**TASK TO CARRY OUT:** Print all the data, keeping every line exactly as it is.

**DATA PROVIDED:**
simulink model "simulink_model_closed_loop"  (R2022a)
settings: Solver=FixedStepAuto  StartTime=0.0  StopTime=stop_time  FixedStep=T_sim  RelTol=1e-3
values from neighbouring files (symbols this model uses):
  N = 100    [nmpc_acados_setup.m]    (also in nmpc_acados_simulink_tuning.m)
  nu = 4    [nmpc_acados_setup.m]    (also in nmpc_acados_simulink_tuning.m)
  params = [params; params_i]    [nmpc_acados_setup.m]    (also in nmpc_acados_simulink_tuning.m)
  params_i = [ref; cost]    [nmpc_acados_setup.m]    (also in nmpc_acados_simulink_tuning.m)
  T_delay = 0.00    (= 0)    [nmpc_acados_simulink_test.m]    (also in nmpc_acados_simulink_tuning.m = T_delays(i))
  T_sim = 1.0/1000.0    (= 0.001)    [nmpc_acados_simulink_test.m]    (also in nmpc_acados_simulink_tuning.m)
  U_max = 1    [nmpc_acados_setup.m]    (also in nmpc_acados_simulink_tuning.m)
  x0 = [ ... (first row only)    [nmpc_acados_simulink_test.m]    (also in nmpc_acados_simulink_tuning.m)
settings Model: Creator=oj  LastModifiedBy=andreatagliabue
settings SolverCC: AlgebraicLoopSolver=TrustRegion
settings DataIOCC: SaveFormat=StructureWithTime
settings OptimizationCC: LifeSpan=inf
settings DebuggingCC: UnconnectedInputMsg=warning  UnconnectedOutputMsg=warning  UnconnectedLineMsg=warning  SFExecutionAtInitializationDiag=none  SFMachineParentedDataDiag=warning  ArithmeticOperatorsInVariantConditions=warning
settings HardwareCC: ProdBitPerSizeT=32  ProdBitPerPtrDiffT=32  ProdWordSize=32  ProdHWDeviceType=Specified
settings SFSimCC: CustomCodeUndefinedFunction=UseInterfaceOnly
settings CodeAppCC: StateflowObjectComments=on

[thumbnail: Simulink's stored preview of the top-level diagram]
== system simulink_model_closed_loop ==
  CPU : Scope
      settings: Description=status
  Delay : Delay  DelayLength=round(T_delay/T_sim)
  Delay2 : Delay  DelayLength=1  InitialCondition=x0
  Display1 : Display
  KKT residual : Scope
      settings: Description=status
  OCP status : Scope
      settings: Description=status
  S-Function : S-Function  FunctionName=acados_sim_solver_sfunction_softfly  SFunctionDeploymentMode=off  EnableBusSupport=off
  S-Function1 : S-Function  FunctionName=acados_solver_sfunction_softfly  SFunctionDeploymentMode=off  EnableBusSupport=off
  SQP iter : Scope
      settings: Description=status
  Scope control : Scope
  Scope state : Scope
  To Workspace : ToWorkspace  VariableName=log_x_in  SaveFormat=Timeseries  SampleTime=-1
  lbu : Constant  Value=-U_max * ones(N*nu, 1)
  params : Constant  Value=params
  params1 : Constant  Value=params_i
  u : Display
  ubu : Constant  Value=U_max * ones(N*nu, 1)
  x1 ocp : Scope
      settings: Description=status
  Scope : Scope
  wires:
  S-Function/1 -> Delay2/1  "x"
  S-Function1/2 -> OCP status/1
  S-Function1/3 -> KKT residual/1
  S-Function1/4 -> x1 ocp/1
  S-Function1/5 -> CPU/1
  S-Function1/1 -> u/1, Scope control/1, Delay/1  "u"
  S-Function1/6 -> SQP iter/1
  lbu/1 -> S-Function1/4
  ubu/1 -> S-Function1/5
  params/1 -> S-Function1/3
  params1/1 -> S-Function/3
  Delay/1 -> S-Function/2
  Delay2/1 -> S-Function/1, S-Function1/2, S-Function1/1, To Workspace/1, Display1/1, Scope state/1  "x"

**RESULT:**
simulink model "simulink_model_closed_loop"  (R2022a)
settings: Solver=FixedStepAuto  StartTime=0.0  StopTime=stop_time  FixedStep=T_sim  RelTol=1e-3
values from neighbouring files (symbols this model uses):
  N = 100    [nmpc_acados_setup.m]    (also in nmpc_acados_simulink_tuning.m)
  nu = 4    [nmpc_acados_setup.m]    (also in nmpc_acados_simulink_tuning.m)
  params = [params; params_i]    [nmpc_acados_setup.m]    (also in nmpc_acados_simulink_tuning.m)
  params_i = [ref; cost]    [nmpc_acados_setup.m]    (also in nmpc_acados_simulink_tuning.m)
  T_delay = 0.00    (= 0)    [nmpc_acados_simulink_test.m]    (also in nmpc_acados_simulink_tuning.m = T_delays(i))
  T_sim = 1.0/1000.0    (= 0.001)    [nmpc_acados_simulink_test.m]    (also in nmpc_acados_simulink_tuning.m)
  U_max = 1    [nmpc_acados_setup.m]    (also in nmpc_acados_simulink_tuning.m)
  x0 = [ ... (first row only)    [nmpc_acados_simulink_test.m]    (also in nmpc_acados_simulink_tuning.m)
settings Model: Creator=oj  LastModifiedBy=andreatagliabue
settings SolverCC: AlgebraicLoopSolver=TrustRegion
settings DataIOCC: SaveFormat=StructureWithTime
settings OptimizationCC: LifeSpan=inf
settings DebuggingCC: UnconnectedInputMsg=warning  UnconnectedOutputMsg=warning  UnconnectedLineMsg=warning  SFExecutionAtInitializationDiag=none  SFMachineParentedDataDiag=warning  ArithmeticOperatorsInVariantConditions=warning
settings HardwareCC: ProdBitPerSizeT=32  ProdBitPerPtrDiffT=32  ProdWordSize=32  ProdHWDeviceType=Specified
settings SFSimCC: CustomCodeUndefinedFunction=UseInterfaceOnly
settings CodeAppCC: StateflowObjectComments=on

[thumbnail: Simulink's stored preview of the top-level diagram]
== system simulink_model_closed_loop ==
  CPU : Scope
      settings: Description=status
  Delay : Delay  DelayLength=round(T_delay/T_sim)
  Delay2 : Delay  DelayLength=1  InitialCondition=x0
  Display1 : Display
  KKT residual : Scope
      settings: Description=status
  OCP status : Scope
      settings: Description=status
  S-Function : S-Function  FunctionName=acados_sim_solver_sfunction_softfly  SFunctionDeploymentMode=off  EnableBusSupport=off
  S-Function1 : S-Function  FunctionName=acados_solver_sfunction_softfly  SFunctionDeploymentMode=off  EnableBusSupport=off
  SQP iter : Scope
      settings: Description=status
  Scope control : Scope
  Scope state : Scope
  To Workspace : ToWorkspace  VariableName=log_x_in  SaveFormat=Timeseries  SampleTime=-1
  lbu : Constant  Value=-U_max * ones(N*nu, 1)
  params : Constant  Value=params
  params1 : Constant  Value=params_i
  u : Display
  ubu : Constant  Value=U_max * ones(N*nu, 1)
  x1 ocp : Scope
      settings: Description=status
  Scope : Scope
  wires:
  S-Function/1 -> Delay2/1  "x"
  S-Function1/2 -> OCP status/1
  S-Function1/3 -> KKT residual/1
  S-Function1/4 -> x1 ocp/1
  S-Function1/5 -> CPU/1
  S-Function1/1 -> u/1, Scope control/1, Delay/1  "u"
  S-Function1/6 -> SQP iter/1
  lbu/1 -> S-Function1/4
  ubu/1 -> S-Function1/5
  params/1 -> S-Function1/3
  params1/1 -> S-Function/3
  Delay/1 -> S-Function/2
  Delay2/1 -> S-Function/1, S-Function1/2, S-Function1/1, To Workspace/1, Display1/1, Scope state/1  "x"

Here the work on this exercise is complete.